Man. No offense but your brain is wired totally different than most others.
How many are those "others". You mean the ones who say that things are what they say, no matter what.
What he's saying and what you're hearing are totally different that what others are hearing him say. Clearly, in the next video, you can hear the owner of the building say that a decision was made to "pull it", meaning to take it down, not evacuate it. Can you not hear that?
You mother language is English, right? It may then be easier for you to hear and understand what he is saying there: "Then I remember they gave me a call from the fire department commander, telling me that they were not sure they'd gonna be able to contain the fire, then he said 'you know, we face such terrible loss of life', 'the smartest decision to do is pull it', and they made that decision, to pull, and then we watched the building collapse."
Now, as the native English speaker that you are (you are a native speaker, right?) you know the meaning of "
pull" and what it means "to pull it": to abandon. As a native English speaker (because you are so, right?), you now that in a turn of phrase with a simple verb plus the "it", the "it" merely refers to the situation, not an object.
Because the building is in your own mind all the time, whatever Mr. Silverstein is saying you take as referring to the building and, logically, you "pull" your own sense of what he is actually saying.
He is referring to "the firemen in the building on fire". He quotes the commander talking about the danger continuing there represented for the men working inside, then he speaks about the final decision to "pull it". But that, for you, means "pull it down". Because they had been working to extinguish a fire for hours, then decide to spend a few minutes to pull it down.
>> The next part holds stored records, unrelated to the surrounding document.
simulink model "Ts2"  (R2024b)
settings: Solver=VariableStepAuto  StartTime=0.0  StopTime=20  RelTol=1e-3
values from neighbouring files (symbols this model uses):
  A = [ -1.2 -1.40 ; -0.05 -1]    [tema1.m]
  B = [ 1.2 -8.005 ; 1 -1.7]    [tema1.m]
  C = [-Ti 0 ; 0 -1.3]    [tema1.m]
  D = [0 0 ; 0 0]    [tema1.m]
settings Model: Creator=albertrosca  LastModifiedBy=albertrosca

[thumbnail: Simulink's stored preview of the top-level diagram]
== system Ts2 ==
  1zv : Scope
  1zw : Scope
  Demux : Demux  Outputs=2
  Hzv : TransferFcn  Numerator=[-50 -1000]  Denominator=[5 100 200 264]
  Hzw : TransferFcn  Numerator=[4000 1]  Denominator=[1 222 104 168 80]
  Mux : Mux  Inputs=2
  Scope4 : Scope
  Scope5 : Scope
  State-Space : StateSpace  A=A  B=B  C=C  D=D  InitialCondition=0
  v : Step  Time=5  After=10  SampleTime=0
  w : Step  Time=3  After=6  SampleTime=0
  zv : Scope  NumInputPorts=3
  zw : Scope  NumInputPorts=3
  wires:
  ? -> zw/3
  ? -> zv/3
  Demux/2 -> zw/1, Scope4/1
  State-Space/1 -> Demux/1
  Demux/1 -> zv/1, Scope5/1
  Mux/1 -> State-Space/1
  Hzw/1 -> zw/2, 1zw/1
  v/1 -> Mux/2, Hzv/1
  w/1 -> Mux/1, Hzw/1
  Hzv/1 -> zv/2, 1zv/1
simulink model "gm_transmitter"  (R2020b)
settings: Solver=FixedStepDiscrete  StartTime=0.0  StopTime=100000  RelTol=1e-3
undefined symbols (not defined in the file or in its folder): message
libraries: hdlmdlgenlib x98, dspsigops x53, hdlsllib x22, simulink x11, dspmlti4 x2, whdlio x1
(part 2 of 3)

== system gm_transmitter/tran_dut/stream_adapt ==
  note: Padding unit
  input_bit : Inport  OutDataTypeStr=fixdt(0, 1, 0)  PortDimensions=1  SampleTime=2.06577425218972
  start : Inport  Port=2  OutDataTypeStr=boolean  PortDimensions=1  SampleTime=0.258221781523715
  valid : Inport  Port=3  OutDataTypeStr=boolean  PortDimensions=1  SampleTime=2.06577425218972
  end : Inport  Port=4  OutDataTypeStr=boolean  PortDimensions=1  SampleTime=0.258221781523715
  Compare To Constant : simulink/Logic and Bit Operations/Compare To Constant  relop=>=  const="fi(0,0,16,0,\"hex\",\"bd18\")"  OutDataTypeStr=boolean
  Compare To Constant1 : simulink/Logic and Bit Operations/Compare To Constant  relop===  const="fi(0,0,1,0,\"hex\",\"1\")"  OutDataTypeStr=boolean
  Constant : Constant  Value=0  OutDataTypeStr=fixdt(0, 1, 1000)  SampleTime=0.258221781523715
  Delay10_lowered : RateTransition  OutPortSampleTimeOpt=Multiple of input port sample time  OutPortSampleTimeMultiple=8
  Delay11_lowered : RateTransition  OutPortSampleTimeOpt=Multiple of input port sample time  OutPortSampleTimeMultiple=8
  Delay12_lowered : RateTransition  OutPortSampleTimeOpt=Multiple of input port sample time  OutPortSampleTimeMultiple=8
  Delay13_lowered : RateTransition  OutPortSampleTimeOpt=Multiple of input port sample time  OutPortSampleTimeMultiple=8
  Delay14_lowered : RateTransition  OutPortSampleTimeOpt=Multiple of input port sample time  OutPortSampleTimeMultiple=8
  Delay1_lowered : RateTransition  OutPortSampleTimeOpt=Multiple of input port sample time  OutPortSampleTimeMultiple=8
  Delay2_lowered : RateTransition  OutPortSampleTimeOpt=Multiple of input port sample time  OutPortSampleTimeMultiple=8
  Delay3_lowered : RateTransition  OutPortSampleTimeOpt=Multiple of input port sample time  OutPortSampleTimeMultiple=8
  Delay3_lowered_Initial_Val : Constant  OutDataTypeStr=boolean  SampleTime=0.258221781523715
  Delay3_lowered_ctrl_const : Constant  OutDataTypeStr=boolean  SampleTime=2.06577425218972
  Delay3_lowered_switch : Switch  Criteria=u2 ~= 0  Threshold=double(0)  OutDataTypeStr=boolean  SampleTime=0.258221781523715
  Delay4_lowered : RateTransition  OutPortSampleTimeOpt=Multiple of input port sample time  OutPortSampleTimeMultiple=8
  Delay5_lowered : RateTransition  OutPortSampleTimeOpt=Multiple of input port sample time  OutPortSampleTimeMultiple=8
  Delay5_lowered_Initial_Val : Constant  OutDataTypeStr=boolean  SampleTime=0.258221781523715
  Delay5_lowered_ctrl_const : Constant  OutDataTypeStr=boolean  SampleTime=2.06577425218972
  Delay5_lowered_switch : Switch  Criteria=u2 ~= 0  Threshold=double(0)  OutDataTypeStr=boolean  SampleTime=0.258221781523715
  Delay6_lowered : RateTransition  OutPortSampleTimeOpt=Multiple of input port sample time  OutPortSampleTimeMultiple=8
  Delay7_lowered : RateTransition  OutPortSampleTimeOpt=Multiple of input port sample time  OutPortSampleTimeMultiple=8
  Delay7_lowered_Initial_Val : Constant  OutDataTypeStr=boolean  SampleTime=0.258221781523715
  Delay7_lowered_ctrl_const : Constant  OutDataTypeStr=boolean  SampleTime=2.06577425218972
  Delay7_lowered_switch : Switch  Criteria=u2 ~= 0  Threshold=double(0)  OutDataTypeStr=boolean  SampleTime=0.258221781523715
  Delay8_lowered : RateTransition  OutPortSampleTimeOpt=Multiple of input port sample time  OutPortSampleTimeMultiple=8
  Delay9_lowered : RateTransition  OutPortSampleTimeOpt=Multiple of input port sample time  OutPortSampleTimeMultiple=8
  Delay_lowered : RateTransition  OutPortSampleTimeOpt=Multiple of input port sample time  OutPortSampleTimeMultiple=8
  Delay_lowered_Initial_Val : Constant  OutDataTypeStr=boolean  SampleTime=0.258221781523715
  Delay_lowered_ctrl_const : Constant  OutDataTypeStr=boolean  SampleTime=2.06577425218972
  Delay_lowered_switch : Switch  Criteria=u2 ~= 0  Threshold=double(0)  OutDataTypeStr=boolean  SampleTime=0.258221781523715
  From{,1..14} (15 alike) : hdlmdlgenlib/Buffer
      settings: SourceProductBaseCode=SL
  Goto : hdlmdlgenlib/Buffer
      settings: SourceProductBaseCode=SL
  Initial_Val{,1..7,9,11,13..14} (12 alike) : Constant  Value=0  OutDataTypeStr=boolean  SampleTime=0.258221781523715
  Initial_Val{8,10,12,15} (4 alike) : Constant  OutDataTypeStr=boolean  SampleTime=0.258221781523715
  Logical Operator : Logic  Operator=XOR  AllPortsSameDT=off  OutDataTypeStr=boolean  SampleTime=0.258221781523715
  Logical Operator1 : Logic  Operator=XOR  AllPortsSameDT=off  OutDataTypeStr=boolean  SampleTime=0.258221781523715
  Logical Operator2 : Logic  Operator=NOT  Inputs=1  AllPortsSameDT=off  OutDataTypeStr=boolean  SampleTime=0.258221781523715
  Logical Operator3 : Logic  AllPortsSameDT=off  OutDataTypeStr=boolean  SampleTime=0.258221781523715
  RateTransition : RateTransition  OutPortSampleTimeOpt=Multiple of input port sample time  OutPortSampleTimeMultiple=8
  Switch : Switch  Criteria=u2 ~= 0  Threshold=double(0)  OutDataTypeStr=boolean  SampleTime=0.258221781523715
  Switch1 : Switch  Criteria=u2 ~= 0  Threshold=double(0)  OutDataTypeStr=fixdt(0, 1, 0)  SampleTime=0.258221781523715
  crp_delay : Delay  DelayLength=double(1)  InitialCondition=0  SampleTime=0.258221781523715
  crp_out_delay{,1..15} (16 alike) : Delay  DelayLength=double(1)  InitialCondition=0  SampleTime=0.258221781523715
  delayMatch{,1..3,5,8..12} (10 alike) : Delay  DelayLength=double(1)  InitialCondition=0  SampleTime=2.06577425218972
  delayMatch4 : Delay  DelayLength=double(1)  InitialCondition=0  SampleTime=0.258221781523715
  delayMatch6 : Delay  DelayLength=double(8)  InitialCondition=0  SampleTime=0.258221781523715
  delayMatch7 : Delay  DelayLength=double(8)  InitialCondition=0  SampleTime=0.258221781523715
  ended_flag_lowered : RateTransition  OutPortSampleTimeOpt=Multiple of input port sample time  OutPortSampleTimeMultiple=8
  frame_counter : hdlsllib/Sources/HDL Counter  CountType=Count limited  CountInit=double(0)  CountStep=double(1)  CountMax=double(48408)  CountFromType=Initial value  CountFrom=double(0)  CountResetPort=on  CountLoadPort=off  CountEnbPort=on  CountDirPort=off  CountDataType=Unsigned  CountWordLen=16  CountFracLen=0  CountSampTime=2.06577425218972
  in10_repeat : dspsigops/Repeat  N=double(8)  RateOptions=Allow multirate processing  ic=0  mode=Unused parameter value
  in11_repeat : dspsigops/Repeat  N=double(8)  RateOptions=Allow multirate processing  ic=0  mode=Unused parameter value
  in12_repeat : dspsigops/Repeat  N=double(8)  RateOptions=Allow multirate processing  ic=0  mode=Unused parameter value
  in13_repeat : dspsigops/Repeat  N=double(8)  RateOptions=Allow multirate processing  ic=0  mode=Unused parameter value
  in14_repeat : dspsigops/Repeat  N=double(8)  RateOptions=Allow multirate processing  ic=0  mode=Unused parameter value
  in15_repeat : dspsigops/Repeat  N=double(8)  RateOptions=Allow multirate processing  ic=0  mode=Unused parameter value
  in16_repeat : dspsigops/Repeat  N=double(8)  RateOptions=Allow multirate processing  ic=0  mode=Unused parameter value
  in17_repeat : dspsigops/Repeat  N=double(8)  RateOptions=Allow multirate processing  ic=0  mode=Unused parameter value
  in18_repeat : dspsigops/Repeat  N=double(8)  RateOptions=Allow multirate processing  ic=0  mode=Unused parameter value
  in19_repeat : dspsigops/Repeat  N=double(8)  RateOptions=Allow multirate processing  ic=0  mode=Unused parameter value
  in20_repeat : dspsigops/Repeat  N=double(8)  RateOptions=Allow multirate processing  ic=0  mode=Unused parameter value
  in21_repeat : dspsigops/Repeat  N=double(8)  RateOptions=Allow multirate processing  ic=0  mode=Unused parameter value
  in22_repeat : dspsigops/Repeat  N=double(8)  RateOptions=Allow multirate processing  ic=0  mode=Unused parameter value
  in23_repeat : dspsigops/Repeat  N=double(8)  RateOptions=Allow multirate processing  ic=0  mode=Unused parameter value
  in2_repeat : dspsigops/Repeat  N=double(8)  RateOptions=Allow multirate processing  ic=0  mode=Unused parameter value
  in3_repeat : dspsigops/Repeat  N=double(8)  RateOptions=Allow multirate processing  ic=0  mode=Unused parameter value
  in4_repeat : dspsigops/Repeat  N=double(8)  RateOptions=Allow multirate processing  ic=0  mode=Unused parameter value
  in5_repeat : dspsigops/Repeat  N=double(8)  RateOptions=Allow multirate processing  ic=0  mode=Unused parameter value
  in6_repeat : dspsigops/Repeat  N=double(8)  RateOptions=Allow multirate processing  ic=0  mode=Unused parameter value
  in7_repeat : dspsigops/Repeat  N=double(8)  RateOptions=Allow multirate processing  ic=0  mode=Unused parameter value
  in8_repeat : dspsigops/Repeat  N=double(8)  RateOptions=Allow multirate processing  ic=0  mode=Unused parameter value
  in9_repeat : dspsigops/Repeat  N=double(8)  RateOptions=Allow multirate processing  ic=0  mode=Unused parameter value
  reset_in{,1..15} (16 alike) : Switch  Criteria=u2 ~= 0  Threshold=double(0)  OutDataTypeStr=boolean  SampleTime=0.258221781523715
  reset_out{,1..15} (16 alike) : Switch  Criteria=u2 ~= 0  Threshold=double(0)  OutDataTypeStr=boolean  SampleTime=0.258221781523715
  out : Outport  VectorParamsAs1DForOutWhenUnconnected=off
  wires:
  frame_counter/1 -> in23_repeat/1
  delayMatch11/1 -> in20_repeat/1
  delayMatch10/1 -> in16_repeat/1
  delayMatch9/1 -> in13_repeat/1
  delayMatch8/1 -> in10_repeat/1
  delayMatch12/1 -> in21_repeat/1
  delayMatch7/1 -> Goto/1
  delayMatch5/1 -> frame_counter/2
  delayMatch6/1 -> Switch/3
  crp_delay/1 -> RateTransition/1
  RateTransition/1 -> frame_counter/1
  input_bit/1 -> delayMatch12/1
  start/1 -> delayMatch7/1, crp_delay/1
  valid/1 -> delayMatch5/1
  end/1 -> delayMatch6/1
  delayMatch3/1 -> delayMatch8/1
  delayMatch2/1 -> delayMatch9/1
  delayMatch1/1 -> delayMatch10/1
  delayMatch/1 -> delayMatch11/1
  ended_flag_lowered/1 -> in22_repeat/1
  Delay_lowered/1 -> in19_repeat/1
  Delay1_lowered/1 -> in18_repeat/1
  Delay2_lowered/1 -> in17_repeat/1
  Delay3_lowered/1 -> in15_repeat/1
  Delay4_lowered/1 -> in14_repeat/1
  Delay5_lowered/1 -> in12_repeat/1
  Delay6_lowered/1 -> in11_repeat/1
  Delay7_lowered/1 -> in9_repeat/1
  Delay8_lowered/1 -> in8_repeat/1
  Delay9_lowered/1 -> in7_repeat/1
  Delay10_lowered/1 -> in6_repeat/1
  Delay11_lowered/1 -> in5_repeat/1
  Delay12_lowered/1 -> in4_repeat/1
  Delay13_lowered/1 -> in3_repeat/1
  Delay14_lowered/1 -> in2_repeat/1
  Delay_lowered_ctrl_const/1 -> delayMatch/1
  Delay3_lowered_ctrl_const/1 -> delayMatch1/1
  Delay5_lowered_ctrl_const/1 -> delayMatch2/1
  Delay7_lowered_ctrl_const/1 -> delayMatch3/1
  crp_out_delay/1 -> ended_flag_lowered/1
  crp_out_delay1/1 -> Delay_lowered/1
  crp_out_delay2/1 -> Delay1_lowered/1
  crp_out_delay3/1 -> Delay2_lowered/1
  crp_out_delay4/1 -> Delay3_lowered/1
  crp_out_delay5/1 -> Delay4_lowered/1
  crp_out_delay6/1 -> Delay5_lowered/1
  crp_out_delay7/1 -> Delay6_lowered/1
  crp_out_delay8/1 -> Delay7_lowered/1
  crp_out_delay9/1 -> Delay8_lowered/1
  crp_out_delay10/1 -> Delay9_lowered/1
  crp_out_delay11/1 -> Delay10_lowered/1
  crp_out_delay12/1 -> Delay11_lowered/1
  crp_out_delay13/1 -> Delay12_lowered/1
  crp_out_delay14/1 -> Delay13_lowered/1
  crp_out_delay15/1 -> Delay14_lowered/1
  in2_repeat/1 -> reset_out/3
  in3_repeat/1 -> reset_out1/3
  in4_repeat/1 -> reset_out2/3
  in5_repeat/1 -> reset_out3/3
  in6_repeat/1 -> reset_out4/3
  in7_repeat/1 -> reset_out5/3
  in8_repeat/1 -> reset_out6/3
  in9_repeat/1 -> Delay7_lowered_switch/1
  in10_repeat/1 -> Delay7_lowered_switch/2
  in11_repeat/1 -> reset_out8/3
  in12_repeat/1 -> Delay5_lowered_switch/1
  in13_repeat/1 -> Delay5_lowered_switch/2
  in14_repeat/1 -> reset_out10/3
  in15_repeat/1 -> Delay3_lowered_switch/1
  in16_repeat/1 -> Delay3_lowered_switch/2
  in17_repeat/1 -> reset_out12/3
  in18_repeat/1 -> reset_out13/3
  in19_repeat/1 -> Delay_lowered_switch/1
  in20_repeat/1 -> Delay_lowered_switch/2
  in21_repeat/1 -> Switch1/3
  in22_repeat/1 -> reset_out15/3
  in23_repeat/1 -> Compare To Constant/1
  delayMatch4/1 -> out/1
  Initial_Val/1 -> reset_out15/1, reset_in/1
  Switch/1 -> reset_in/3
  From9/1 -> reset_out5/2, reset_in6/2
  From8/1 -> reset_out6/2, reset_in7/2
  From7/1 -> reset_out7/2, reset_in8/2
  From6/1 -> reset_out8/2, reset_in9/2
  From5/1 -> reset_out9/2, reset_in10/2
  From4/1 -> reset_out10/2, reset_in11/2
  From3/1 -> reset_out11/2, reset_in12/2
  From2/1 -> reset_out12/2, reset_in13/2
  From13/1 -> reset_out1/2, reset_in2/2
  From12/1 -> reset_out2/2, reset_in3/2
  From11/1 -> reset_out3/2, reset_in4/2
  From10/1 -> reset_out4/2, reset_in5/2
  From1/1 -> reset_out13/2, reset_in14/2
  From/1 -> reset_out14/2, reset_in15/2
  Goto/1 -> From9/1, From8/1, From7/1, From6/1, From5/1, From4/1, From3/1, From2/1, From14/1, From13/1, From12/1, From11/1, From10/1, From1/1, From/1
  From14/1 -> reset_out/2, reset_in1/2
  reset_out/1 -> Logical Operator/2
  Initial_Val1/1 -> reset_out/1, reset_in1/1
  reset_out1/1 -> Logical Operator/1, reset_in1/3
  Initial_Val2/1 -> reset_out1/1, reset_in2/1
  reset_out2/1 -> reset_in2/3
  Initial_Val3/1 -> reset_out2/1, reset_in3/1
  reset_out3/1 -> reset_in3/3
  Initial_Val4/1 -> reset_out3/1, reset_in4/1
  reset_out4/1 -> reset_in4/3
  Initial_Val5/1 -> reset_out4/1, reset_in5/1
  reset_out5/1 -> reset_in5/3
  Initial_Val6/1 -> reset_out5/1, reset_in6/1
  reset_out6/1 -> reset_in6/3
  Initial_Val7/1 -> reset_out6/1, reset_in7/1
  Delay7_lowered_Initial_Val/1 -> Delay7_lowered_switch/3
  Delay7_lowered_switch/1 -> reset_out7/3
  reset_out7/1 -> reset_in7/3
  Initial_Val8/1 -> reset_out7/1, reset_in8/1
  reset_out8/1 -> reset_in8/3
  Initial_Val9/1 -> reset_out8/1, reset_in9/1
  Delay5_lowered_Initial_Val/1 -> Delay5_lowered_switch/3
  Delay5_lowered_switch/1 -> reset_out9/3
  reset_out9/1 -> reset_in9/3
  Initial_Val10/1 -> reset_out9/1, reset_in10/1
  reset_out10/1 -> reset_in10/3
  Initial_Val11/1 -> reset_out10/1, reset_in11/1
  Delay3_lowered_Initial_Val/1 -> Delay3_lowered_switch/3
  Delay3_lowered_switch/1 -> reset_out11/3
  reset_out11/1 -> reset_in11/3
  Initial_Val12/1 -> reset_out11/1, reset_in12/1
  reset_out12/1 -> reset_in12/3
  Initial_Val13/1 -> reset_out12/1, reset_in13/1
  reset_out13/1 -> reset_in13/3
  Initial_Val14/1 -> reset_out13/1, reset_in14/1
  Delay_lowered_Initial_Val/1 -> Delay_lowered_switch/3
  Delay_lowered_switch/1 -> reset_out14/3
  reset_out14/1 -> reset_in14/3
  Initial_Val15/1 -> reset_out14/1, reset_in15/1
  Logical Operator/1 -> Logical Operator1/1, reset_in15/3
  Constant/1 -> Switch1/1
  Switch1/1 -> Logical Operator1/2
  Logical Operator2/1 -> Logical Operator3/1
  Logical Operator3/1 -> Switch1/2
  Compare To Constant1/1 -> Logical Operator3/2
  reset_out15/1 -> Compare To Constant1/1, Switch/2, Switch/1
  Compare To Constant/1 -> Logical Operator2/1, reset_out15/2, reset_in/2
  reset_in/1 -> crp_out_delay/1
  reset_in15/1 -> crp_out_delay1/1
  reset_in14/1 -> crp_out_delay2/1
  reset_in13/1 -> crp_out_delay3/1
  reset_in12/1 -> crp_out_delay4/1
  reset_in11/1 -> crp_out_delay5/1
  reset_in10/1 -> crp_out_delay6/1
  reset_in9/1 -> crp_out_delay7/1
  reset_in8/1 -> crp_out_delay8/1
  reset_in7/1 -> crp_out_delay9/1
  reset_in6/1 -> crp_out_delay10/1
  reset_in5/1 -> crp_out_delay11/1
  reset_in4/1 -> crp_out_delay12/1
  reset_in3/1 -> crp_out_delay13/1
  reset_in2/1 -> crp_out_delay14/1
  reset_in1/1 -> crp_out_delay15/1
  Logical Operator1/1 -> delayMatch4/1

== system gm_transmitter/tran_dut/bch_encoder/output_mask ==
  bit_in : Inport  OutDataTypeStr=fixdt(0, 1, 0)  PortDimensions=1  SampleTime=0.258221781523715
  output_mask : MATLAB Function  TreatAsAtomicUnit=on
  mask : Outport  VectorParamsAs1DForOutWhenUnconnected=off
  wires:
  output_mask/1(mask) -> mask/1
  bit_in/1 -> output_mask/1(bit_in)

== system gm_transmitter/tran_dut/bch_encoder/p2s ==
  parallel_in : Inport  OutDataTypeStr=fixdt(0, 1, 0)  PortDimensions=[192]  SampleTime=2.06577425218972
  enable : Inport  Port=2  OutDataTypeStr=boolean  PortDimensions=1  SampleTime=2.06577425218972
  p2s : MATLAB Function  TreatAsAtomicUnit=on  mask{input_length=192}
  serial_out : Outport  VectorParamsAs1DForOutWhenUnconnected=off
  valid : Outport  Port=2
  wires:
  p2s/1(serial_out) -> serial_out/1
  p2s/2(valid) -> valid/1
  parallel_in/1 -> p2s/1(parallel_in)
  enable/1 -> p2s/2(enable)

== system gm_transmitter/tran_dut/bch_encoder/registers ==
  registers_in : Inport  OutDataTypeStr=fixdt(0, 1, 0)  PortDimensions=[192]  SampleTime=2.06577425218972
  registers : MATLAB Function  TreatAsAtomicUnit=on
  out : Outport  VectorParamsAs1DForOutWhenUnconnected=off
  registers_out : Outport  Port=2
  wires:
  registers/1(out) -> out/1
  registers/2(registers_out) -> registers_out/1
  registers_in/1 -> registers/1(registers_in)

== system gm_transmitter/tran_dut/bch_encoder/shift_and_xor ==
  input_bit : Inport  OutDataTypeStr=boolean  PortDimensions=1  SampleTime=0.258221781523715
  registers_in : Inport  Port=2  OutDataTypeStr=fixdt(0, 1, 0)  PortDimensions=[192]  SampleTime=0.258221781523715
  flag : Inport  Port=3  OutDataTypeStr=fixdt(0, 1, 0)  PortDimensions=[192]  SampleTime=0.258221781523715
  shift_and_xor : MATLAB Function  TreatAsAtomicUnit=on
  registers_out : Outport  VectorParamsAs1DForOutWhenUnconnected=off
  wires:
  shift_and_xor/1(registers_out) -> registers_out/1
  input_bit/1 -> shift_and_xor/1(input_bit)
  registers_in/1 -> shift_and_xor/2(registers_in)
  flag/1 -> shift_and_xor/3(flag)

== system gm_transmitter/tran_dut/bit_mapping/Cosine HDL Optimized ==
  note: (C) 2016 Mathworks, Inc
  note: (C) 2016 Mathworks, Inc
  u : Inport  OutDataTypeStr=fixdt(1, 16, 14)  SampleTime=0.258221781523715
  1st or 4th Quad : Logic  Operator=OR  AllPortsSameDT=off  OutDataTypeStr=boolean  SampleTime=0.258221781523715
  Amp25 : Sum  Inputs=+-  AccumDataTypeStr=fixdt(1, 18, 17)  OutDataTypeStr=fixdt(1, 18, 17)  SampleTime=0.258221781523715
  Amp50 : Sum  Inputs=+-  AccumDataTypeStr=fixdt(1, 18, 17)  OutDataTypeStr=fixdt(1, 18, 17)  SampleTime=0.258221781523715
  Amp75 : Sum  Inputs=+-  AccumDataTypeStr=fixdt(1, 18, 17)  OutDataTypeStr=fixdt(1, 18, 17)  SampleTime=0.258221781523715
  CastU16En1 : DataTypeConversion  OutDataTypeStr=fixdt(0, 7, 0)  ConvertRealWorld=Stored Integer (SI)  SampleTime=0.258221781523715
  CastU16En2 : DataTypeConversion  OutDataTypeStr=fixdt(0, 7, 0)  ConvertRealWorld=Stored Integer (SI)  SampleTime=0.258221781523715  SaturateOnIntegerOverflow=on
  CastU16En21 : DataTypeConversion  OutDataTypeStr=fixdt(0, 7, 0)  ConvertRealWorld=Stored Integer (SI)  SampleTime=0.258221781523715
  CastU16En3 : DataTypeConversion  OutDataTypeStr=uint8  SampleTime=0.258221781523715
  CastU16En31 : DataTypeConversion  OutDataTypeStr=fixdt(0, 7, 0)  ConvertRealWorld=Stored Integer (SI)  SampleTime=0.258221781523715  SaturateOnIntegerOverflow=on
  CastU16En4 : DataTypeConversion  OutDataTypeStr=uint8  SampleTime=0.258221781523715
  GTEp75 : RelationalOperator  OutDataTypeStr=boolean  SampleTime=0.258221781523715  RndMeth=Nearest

Unless you decide that WTC7 too had built-in explosives in its structure, and they only had to "trigger it".
"Pull", "pull it", "pull it down". When you are obsessed with a result, everything makes sense with the result you want to obtain, and you keep feeding that belief, forgetting what you have missed, and what you have blundered in your "demonstration".
But, hey, I am not opposing to your own beliefs and your own sense of right: nobody who merely discusses and reasons facts can oppose people who believe they are right, in whatever way they please to turn their facts to continue to appear that they are right.